EXTRACTED INFORMATION START

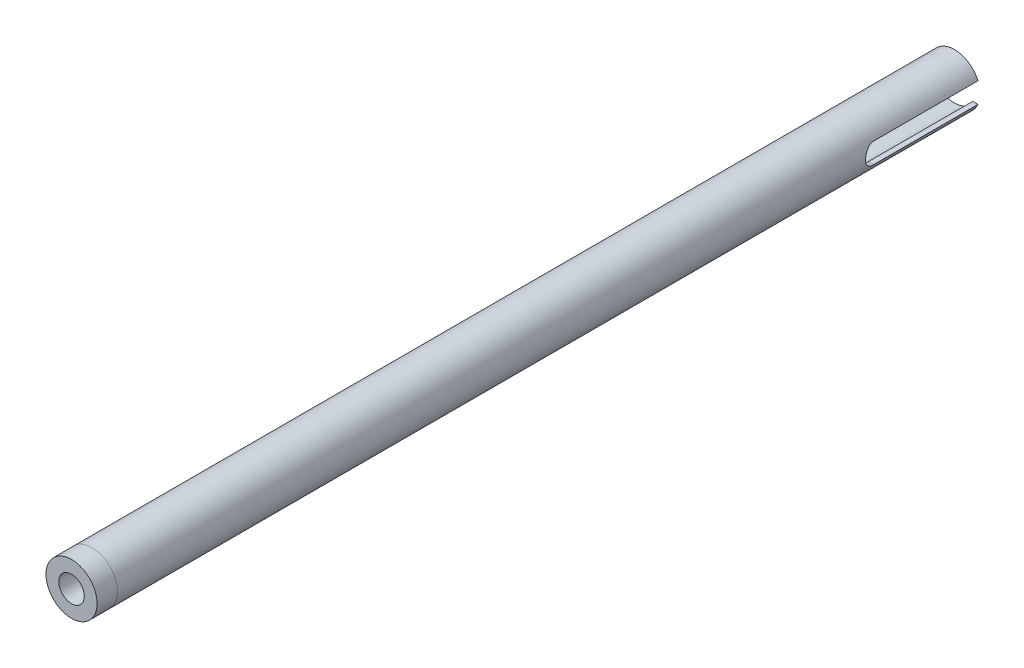
ISO-10303-21;
HEADER;
FILE_DESCRIPTION(('STEP AP214'),'2;1');
FILE_NAME('part.step','',(''),(''),'','','');
FILE_SCHEMA(('AUTOMOTIVE_DESIGN { 1 0 10303 214 1 1 1 1 }'));
ENDSEC;
DATA;
#1=APPLICATION_CONTEXT('core data for automotive mechanical design processes');
#2=APPLICATION_PROTOCOL_DEFINITION('international standard','automotive_design',2000,#1);
#3=PRODUCT_CONTEXT('',#1,'mechanical');
#4=PRODUCT('Part','Part','',(#3));
#5=PRODUCT_RELATED_PRODUCT_CATEGORY('part','',(#4));
#6=PRODUCT_DEFINITION_FORMATION('','',#4);
#7=PRODUCT_DEFINITION_CONTEXT('part definition',#1,'design');
#8=PRODUCT_DEFINITION('design','',#6,#7);
#9=PRODUCT_DEFINITION_SHAPE('','',#8);
#10=(LENGTH_UNIT() NAMED_UNIT(*) SI_UNIT(.MILLI.,.METRE.));
#11=(NAMED_UNIT(*) PLANE_ANGLE_UNIT() SI_UNIT($,.RADIAN.));
#12=(NAMED_UNIT(*) SI_UNIT($,.STERADIAN.) SOLID_ANGLE_UNIT());
#13=UNCERTAINTY_MEASURE_WITH_UNIT(LENGTH_MEASURE(1.E-05),#10,'distance_accuracy_value','');
#14=(GEOMETRIC_REPRESENTATION_CONTEXT(3) GLOBAL_UNCERTAINTY_ASSIGNED_CONTEXT((#13)) GLOBAL_UNIT_ASSIGNED_CONTEXT((#10,
#11,#12)) REPRESENTATION_CONTEXT('',''));
#15=CARTESIAN_POINT('',(0.,0.,0.));
#16=DIRECTION('',(0.,0.,1.));
#17=DIRECTION('',(1.,0.,0.));
#18=AXIS2_PLACEMENT_3D('',#15,#16,#17);
#19=CARTESIAN_POINT('',(0.,0.,-274.208037482782));
#20=DIRECTION('',(0.,0.,1.));
#21=DIRECTION('',(1.,0.,0.));
#22=AXIS2_PLACEMENT_3D('',#19,#20,#21);
#23=CYLINDRICAL_SURFACE('',#22,7.9375);
#24=CARTESIAN_POINT('',(0.,0.,-6.35));
#25=DIRECTION('',(0.,0.,1.));
#26=DIRECTION('',(1.,0.,0.));
#27=AXIS2_PLACEMENT_3D('',#24,#25,#26);
#28=CIRCLE('',#27,7.9375);
#29=CARTESIAN_POINT('',(7.9375,0.,-6.35));
#30=VERTEX_POINT('',#29);
#31=EDGE_CURVE('E167',#30,#30,#28,.T.);
#32=ORIENTED_EDGE('',*,*,#31,.F.);
#33=EDGE_LOOP('',(#32));
#34=FACE_BOUND('',#33,.T.);
#35=CARTESIAN_POINT('',(-7.2748389157424,3.175,-241.823037482782));
#36=CARTESIAN_POINT('',(-7.27482137043434,3.17501267173453,-241.737617367299));
#37=CARTESIAN_POINT('',(-7.27634297592672,3.17155313247793,-241.652206837736));
#38=CARTESIAN_POINT('',(-7.28233338484875,3.15778866907725,-241.482074833408));
#39=CARTESIAN_POINT('',(-7.28680106535325,3.14748635311323,-241.397353108549));
#40=CARTESIAN_POINT('',(-7.29852916312671,3.12019002880163,-241.229539408741));
#41=CARTESIAN_POINT('',(-7.30577831906487,3.10322299732752,-241.146442263981));
#42=CARTESIAN_POINT('',(-7.32282161153745,3.06278779397034,-240.982131161956));
#43=CARTESIAN_POINT('',(-7.33261590324725,3.03931922568673,-240.900917319843));
#44=CARTESIAN_POINT('',(-7.36535331460444,2.9595292434296,-240.66109249726));
#45=CARTESIAN_POINT('',(-7.3916759567784,2.89376893609236,-240.505967568456));
#46=CARTESIAN_POINT('',(-7.45033259991548,2.73920602658921,-240.208880141745));
#47=CARTESIAN_POINT('',(-7.48267254395243,2.65038060922871,-240.066930866527));
#48=CARTESIAN_POINT('',(-7.55175295441386,2.44684429809695,-239.792210097007));
#49=CARTESIAN_POINT('',(-7.58863404630154,2.33103943595689,-239.660282712496));
#50=CARTESIAN_POINT('',(-7.66147718953598,2.07914562663536,-239.417119828864));
#51=CARTESIAN_POINT('',(-7.69743902899202,1.94305205135847,-239.305889063936));
#52=CARTESIAN_POINT('',(-7.76611692840652,1.64778282664418,-239.102967864441));
#53=CARTESIAN_POINT('',(-7.79864638434713,1.48790317306355,-239.012233453037));
#54=CARTESIAN_POINT('',(-7.85502980346525,1.15369615984562,-238.85937589962));
#55=CARTESIAN_POINT('',(-7.87889360585224,0.979385463602713,-238.797220287002));
#56=CARTESIAN_POINT('',(-7.91022225039827,0.670405323433344,-238.716708643346));
#57=CARTESIAN_POINT('',(-7.92038443902171,0.537888188660429,-238.691030719937));
#58=CARTESIAN_POINT('',(-7.93061686811603,0.337231082382099,-238.665275636855));
#59=CARTESIAN_POINT('',(-7.93319257341971,0.269991647180292,-238.658817539574));
#60=CARTESIAN_POINT('',(-7.93663621925193,0.135173873369592,-238.650196521823));
#61=CARTESIAN_POINT('',(-7.93750363389236,0.067595436817584,-238.648034924004));
#62=CARTESIAN_POINT('',(-7.9375,0.,-238.648037482782));
#63=B_SPLINE_CURVE_WITH_KNOTS('',3,(#35,#36,#37,#38,#39,#40,#41,#42,#43,#44,#45,#46,#47,#48,#49,
#50,#51,#52,#53,#54,#55,#56,#57,#58,#59,#60,#61,#62),.UNSPECIFIED.,.F.,.F.,(4,2,2,2,2,2,2,2,2,2,
2,2,2,4),(0.,0.25616079739664,0.512224013007086,0.767261264672294,1.02231406945474,
1.53142416248601,2.041039780479,2.57679273649399,3.11266809162684,3.66991136029743,
4.22651992730647,4.63134321412667,4.83399375866621,5.03670667834028),.UNSPECIFIED.);
#64=CARTESIAN_POINT('',(-7.2748389157424,3.175,-241.823037482782));
#65=VERTEX_POINT('',#64);
#66=CARTESIAN_POINT('',(-7.9375,0.,-238.648037482782));
#67=VERTEX_POINT('',#66);
#68=EDGE_CURVE('E194',#65,#67,#63,.T.);
#69=ORIENTED_EDGE('',*,*,#68,.T.);
#70=CARTESIAN_POINT('',(-7.9375,0.,-238.648037482782));
#71=CARTESIAN_POINT('',(-7.93751279435796,-0.0856973243893161,-238.648025452613));
#72=CARTESIAN_POINT('',(-7.93611246860092,-0.171386675169289,-238.651506820085));
#73=CARTESIAN_POINT('',(-7.93058107051394,-0.342092796869087,-238.665362915419));
#74=CARTESIAN_POINT('',(-7.92645080745519,-0.427109759557717,-238.675735600402));
#75=CARTESIAN_POINT('',(-7.91557399086504,-0.595570690948318,-238.70323279447));
#76=CARTESIAN_POINT('',(-7.90883664469869,-0.679019123580009,-238.720333545743));
#77=CARTESIAN_POINT('',(-7.89293284658536,-0.844038966454647,-238.761100793216));
#78=CARTESIAN_POINT('',(-7.88376629739099,-0.925610301410308,-238.784767552273));
#79=CARTESIAN_POINT('',(-7.8529700783248,-1.16656173687589,-238.865275207971));
#80=CARTESIAN_POINT('',(-7.82802544143957,-1.32244720282991,-238.931667840849));
#81=CARTESIAN_POINT('',(-7.77174407779742,-1.6208190257289,-239.087713244842));
#82=CARTESIAN_POINT('',(-7.74040257287306,-1.76329524966532,-239.177383416905));
#83=CARTESIAN_POINT('',(-7.67287736621953,-2.03755465224645,-239.38183702442));
#84=CARTESIAN_POINT('',(-7.63654472176442,-2.16862853615059,-239.497523881151));
#85=CARTESIAN_POINT('',(-7.56380976030912,-2.41011022612819,-239.748817982861));
#86=CARTESIAN_POINT('',(-7.52740741976911,-2.52050895891189,-239.884433927343));
#87=CARTESIAN_POINT('',(-7.45683282624283,-2.72240939900244,-240.179132422209));
#88=CARTESIAN_POINT('',(-7.42283467350379,-2.81283701743192,-240.338996412125));
#89=CARTESIAN_POINT('',(-7.36333622196319,-2.9651189416839,-240.673122376921));
#90=CARTESIAN_POINT('',(-7.33782422493328,-3.02701262758154,-240.84736411468));
#91=CARTESIAN_POINT('',(-7.30424985403508,-3.10695047193343,-241.155667839331));
#92=CARTESIAN_POINT('',(-7.29331360019112,-3.13238569878911,-241.287526600218));
#93=CARTESIAN_POINT('',(-7.2822797767429,-3.15790858319002,-241.487243481911));
#94=CARTESIAN_POINT('',(-7.27949685702346,-3.16431127275807,-241.554191772671));
#95=CARTESIAN_POINT('',(-7.27577355567174,-3.17285909036155,-241.688433330537));
#96=CARTESIAN_POINT('',(-7.27483380475762,-3.17500276099679,-241.755726707835));
#97=CARTESIAN_POINT('',(-7.2748389157424,-3.175,-241.823037482782));
#98=B_SPLINE_CURVE_WITH_KNOTS('',3,(#70,#71,#72,#73,#74,#75,#76,#77,#78,#79,#80,#81,#82,#83,#84,
#85,#86,#87,#88,#89,#90,#91,#92,#93,#94,#95,#96,#97),.UNSPECIFIED.,.F.,.F.,(4,2,2,2,2,2,2,2,2,2,
2,2,2,4),(0.,0.256996432008006,0.513916713336977,0.769937797705395,1.02596913282158,
1.53722547809955,2.04886511530061,2.58219314099272,3.115754672018,3.67332953074265,
4.23013255190376,4.63306130520187,4.83485003827449,5.03670780985621),.UNSPECIFIED.);
#99=CARTESIAN_POINT('',(-7.2748389157424,-3.175,-241.823037482782));
#100=VERTEX_POINT('',#99);
#101=EDGE_CURVE('E146',#67,#100,#98,.T.);
#102=ORIENTED_EDGE('',*,*,#101,.T.);
#103=DIRECTION('',(0.,0.,-1.));
#104=VECTOR('',#103,1.);
#105=CARTESIAN_POINT('',(-7.2748389157424,-3.175,-238.648037482782));
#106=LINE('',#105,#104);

EXTRACTED INFORMATION END

- **INSTRUCTIONS FOR THE TASK**
Give back exactly the lines above, from the line containing "#11,#12)) REPRESENTATION_CONTEXT('',''));" through the line containing "#34=FACE_BOUND('',#33,.T.);", with both end lines and nothing more.

- **PROBLEM SOLUTION**
#11,#12)) REPRESENTATION_CONTEXT('',''));
#15=CARTESIAN_POINT('',(0.,0.,0.));
#16=DIRECTION('',(0.,0.,1.));
#17=DIRECTION('',(1.,0.,0.));
#18=AXIS2_PLACEMENT_3D('',#15,#16,#17);
#19=CARTESIAN_POINT('',(0.,0.,-274.208037482782));
#20=DIRECTION('',(0.,0.,1.));
#21=DIRECTION('',(1.,0.,0.));
#22=AXIS2_PLACEMENT_3D('',#19,#20,#21);
#23=CYLINDRICAL_SURFACE('',#22,7.9375);
#24=CARTESIAN_POINT('',(0.,0.,-6.35));
#25=DIRECTION('',(0.,0.,1.));
#26=DIRECTION('',(1.,0.,0.));
#27=AXIS2_PLACEMENT_3D('',#24,#25,#26);
#28=CIRCLE('',#27,7.9375);
#29=CARTESIAN_POINT('',(7.9375,0.,-6.35));
#30=VERTEX_POINT('',#29);
#31=EDGE_CURVE('E167',#30,#30,#28,.T.);
#32=ORIENTED_EDGE('',*,*,#31,.F.);
#33=EDGE_LOOP('',(#32));
#34=FACE_BOUND('',#33,.T.);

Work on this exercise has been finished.